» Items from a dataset
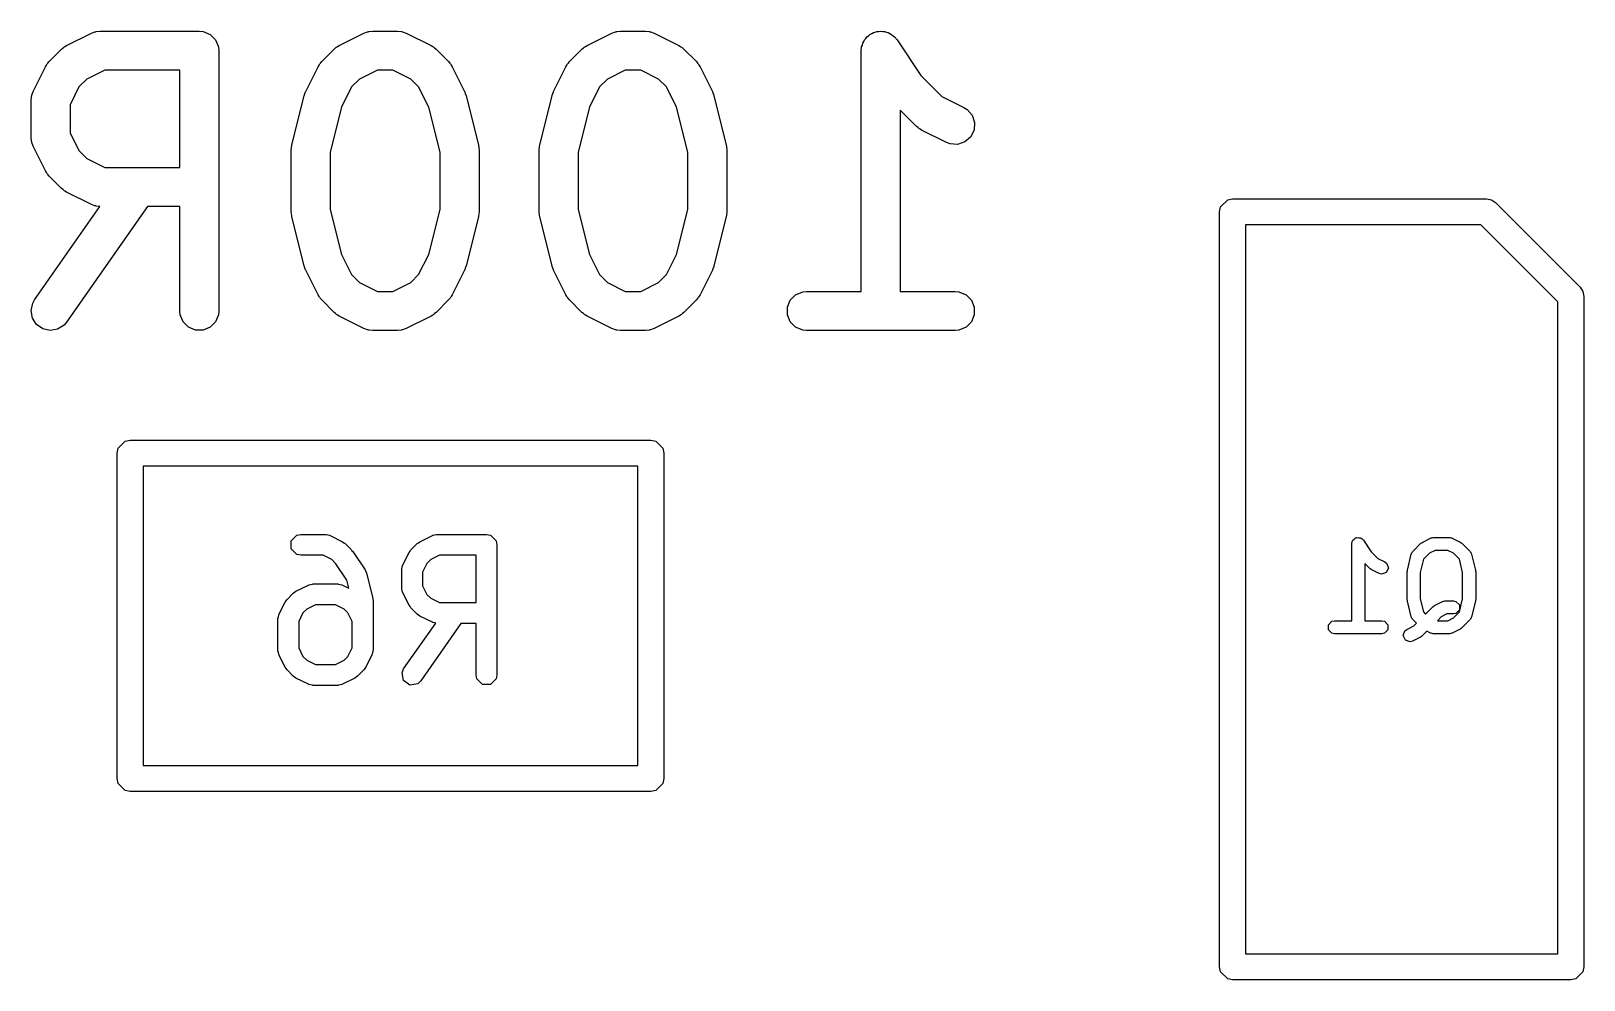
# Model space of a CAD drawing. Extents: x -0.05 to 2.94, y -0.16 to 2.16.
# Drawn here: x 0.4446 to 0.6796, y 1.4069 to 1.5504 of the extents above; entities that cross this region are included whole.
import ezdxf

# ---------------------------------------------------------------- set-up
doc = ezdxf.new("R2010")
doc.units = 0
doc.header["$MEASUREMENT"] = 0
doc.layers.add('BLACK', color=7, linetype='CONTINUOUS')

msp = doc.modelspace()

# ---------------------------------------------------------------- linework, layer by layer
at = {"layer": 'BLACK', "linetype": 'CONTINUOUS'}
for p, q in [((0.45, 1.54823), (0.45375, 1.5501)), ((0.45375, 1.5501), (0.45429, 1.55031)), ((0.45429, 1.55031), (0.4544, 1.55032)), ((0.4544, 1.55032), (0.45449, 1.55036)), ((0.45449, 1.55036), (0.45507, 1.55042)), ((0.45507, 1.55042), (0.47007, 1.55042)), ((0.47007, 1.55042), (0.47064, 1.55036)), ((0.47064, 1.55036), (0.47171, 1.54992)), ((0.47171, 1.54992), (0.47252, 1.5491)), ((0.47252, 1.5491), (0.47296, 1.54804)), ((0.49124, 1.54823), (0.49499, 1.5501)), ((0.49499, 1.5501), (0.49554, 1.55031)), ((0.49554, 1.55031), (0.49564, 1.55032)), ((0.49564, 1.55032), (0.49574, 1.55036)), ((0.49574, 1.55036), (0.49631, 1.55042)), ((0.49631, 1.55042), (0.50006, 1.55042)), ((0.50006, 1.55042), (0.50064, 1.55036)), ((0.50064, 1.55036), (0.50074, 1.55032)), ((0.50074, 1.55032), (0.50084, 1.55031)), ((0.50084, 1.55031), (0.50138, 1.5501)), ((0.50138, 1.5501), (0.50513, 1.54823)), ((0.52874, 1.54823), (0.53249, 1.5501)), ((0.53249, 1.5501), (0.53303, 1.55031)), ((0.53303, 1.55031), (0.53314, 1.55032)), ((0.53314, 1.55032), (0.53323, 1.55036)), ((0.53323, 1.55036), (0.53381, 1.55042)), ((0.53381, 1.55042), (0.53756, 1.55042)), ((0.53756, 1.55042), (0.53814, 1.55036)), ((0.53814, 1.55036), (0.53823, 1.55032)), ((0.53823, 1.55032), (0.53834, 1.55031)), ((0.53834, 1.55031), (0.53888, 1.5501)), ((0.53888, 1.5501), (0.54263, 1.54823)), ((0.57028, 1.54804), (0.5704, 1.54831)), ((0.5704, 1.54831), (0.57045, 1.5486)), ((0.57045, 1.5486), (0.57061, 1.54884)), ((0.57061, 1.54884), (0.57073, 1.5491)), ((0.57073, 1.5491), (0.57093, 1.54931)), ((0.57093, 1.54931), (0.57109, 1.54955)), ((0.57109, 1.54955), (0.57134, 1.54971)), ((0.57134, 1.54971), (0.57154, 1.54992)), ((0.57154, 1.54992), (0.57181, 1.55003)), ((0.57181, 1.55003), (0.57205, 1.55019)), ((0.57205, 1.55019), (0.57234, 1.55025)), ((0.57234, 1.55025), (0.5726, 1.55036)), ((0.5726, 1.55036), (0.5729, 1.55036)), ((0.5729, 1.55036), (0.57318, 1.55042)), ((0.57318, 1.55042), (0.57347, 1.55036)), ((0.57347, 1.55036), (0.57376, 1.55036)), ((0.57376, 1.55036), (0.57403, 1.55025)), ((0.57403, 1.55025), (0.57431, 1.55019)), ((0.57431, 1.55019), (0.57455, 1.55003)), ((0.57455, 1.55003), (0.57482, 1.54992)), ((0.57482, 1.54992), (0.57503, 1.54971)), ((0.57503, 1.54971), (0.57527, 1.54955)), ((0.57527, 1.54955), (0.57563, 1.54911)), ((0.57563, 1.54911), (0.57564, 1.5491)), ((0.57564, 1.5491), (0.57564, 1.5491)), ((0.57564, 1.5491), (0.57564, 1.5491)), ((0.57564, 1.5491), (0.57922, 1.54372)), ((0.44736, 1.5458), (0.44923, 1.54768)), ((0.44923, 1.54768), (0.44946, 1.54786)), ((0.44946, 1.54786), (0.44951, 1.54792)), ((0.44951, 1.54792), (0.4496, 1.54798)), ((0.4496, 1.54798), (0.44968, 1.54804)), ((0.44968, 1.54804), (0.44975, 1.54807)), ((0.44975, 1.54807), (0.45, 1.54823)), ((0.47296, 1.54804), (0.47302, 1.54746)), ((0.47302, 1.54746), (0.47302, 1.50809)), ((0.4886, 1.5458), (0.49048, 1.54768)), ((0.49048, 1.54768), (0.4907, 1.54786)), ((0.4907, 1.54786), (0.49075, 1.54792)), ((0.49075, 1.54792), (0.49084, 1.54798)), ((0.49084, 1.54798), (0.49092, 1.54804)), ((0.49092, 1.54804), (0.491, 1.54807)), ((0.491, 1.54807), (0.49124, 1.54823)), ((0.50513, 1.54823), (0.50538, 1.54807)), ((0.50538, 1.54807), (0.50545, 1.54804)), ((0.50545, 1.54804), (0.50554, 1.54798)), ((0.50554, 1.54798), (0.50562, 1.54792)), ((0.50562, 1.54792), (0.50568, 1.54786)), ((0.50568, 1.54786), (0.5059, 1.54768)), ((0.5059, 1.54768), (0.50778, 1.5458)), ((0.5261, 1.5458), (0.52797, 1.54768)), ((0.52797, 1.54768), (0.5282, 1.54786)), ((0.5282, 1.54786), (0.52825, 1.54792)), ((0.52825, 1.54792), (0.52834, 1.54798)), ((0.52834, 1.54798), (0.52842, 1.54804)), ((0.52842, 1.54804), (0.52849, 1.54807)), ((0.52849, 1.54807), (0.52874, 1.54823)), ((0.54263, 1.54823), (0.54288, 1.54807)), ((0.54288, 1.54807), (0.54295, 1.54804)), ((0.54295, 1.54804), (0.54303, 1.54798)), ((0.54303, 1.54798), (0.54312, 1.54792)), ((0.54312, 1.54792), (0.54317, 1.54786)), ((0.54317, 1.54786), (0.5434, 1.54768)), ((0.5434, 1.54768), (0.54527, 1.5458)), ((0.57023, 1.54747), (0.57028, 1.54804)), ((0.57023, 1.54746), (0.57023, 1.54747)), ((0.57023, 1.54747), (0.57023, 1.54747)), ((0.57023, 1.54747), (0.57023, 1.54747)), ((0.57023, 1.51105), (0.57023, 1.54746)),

» PROBLEM
Set down the records again exactly as they appear, leaving each picture behind.

» TASK OUTPUT
# Model space of a CAD drawing. Extents: x -0.05 to 2.94, y -0.16 to 2.16.
# Drawn here: x 0.4446 to 0.6796, y 1.4069 to 1.5504 of the extents above; entities that cross this region are included whole.
import ezdxf

# ---------------------------------------------------------------- set-up
doc = ezdxf.new("R2010")
doc.units = 0
doc.header["$MEASUREMENT"] = 0
doc.layers.add('BLACK', color=7, linetype='CONTINUOUS')

msp = doc.modelspace()

# ---------------------------------------------------------------- linework, layer by layer
at = {"layer": 'BLACK', "linetype": 'CONTINUOUS'}
for p, q in [((0.45, 1.54823), (0.45375, 1.5501)), ((0.45375, 1.5501), (0.45429, 1.55031)), ((0.45429, 1.55031), (0.4544, 1.55032)), ((0.4544, 1.55032), (0.45449, 1.55036)), ((0.45449, 1.55036), (0.45507, 1.55042)), ((0.45507, 1.55042), (0.47007, 1.55042)), ((0.47007, 1.55042), (0.47064, 1.55036)), ((0.47064, 1.55036), (0.47171, 1.54992)), ((0.47171, 1.54992), (0.47252, 1.5491)), ((0.47252, 1.5491), (0.47296, 1.54804)), ((0.49124, 1.54823), (0.49499, 1.5501)), ((0.49499, 1.5501), (0.49554, 1.55031)), ((0.49554, 1.55031), (0.49564, 1.55032)), ((0.49564, 1.55032), (0.49574, 1.55036)), ((0.49574, 1.55036), (0.49631, 1.55042)), ((0.49631, 1.55042), (0.50006, 1.55042)), ((0.50006, 1.55042), (0.50064, 1.55036)), ((0.50064, 1.55036), (0.50074, 1.55032)), ((0.50074, 1.55032), (0.50084, 1.55031)), ((0.50084, 1.55031), (0.50138, 1.5501)), ((0.50138, 1.5501), (0.50513, 1.54823)), ((0.52874, 1.54823), (0.53249, 1.5501)), ((0.53249, 1.5501), (0.53303, 1.55031)), ((0.53303, 1.55031), (0.53314, 1.55032)), ((0.53314, 1.55032), (0.53323, 1.55036)), ((0.53323, 1.55036), (0.53381, 1.55042)), ((0.53381, 1.55042), (0.53756, 1.55042)), ((0.53756, 1.55042), (0.53814, 1.55036)), ((0.53814, 1.55036), (0.53823, 1.55032)), ((0.53823, 1.55032), (0.53834, 1.55031)), ((0.53834, 1.55031), (0.53888, 1.5501)), ((0.53888, 1.5501), (0.54263, 1.54823)), ((0.57028, 1.54804), (0.5704, 1.54831)), ((0.5704, 1.54831), (0.57045, 1.5486)), ((0.57045, 1.5486), (0.57061, 1.54884)), ((0.57061, 1.54884), (0.57073, 1.5491)), ((0.57073, 1.5491), (0.57093, 1.54931)), ((0.57093, 1.54931), (0.57109, 1.54955)), ((0.57109, 1.54955), (0.57134, 1.54971)), ((0.57134, 1.54971), (0.57154, 1.54992)), ((0.57154, 1.54992), (0.57181, 1.55003)), ((0.57181, 1.55003), (0.57205, 1.55019)), ((0.57205, 1.55019), (0.57234, 1.55025)), ((0.57234, 1.55025), (0.5726, 1.55036)), ((0.5726, 1.55036), (0.5729, 1.55036)), ((0.5729, 1.55036), (0.57318, 1.55042)), ((0.57318, 1.55042), (0.57347, 1.55036)), ((0.57347, 1.55036), (0.57376, 1.55036)), ((0.57376, 1.55036), (0.57403, 1.55025)), ((0.57403, 1.55025), (0.57431, 1.55019)), ((0.57431, 1.55019), (0.57455, 1.55003)), ((0.57455, 1.55003), (0.57482, 1.54992)), ((0.57482, 1.54992), (0.57503, 1.54971)), ((0.57503, 1.54971), (0.57527, 1.54955)), ((0.57527, 1.54955), (0.57563, 1.54911)), ((0.57563, 1.54911), (0.57564, 1.5491)), ((0.57564, 1.5491), (0.57564, 1.5491)), ((0.57564, 1.5491), (0.57564, 1.5491)), ((0.57564, 1.5491), (0.57922, 1.54372)), ((0.44736, 1.5458), (0.44923, 1.54768)), ((0.44923, 1.54768), (0.44946, 1.54786)), ((0.44946, 1.54786), (0.44951, 1.54792)), ((0.44951, 1.54792), (0.4496, 1.54798)), ((0.4496, 1.54798), (0.44968, 1.54804)), ((0.44968, 1.54804), (0.44975, 1.54807)), ((0.44975, 1.54807), (0.45, 1.54823)), ((0.47296, 1.54804), (0.47302, 1.54746)), ((0.47302, 1.54746), (0.47302, 1.50809)), ((0.4886, 1.5458), (0.49048, 1.54768)), ((0.49048, 1.54768), (0.4907, 1.54786)), ((0.4907, 1.54786), (0.49075, 1.54792)), ((0.49075, 1.54792), (0.49084, 1.54798)), ((0.49084, 1.54798), (0.49092, 1.54804)), ((0.49092, 1.54804), (0.491, 1.54807)), ((0.491, 1.54807), (0.49124, 1.54823)), ((0.50513, 1.54823), (0.50538, 1.54807)), ((0.50538, 1.54807), (0.50545, 1.54804)), ((0.50545, 1.54804), (0.50554, 1.54798)), ((0.50554, 1.54798), (0.50562, 1.54792)), ((0.50562, 1.54792), (0.50568, 1.54786)), ((0.50568, 1.54786), (0.5059, 1.54768)), ((0.5059, 1.54768), (0.50778, 1.5458)), ((0.5261, 1.5458), (0.52797, 1.54768)), ((0.52797, 1.54768), (0.5282, 1.54786)), ((0.5282, 1.54786), (0.52825, 1.54792)), ((0.52825, 1.54792), (0.52834, 1.54798)), ((0.52834, 1.54798), (0.52842, 1.54804)), ((0.52842, 1.54804), (0.52849, 1.54807)), ((0.52849, 1.54807), (0.52874, 1.54823)), ((0.54263, 1.54823), (0.54288, 1.54807)), ((0.54288, 1.54807), (0.54295, 1.54804)), ((0.54295, 1.54804), (0.54303, 1.54798)), ((0.54303, 1.54798), (0.54312, 1.54792)), ((0.54312, 1.54792), (0.54317, 1.54786)), ((0.54317, 1.54786), (0.5434, 1.54768)), ((0.5434, 1.54768), (0.54527, 1.5458)), ((0.57023, 1.54747), (0.57028, 1.54804)), ((0.57023, 1.54746), (0.57023, 1.54747)), ((0.57023, 1.54747), (0.57023, 1.54747)), ((0.57023, 1.54747), (0.57023, 1.54747)), ((0.57023, 1.51105), (0.57023, 1.54746)),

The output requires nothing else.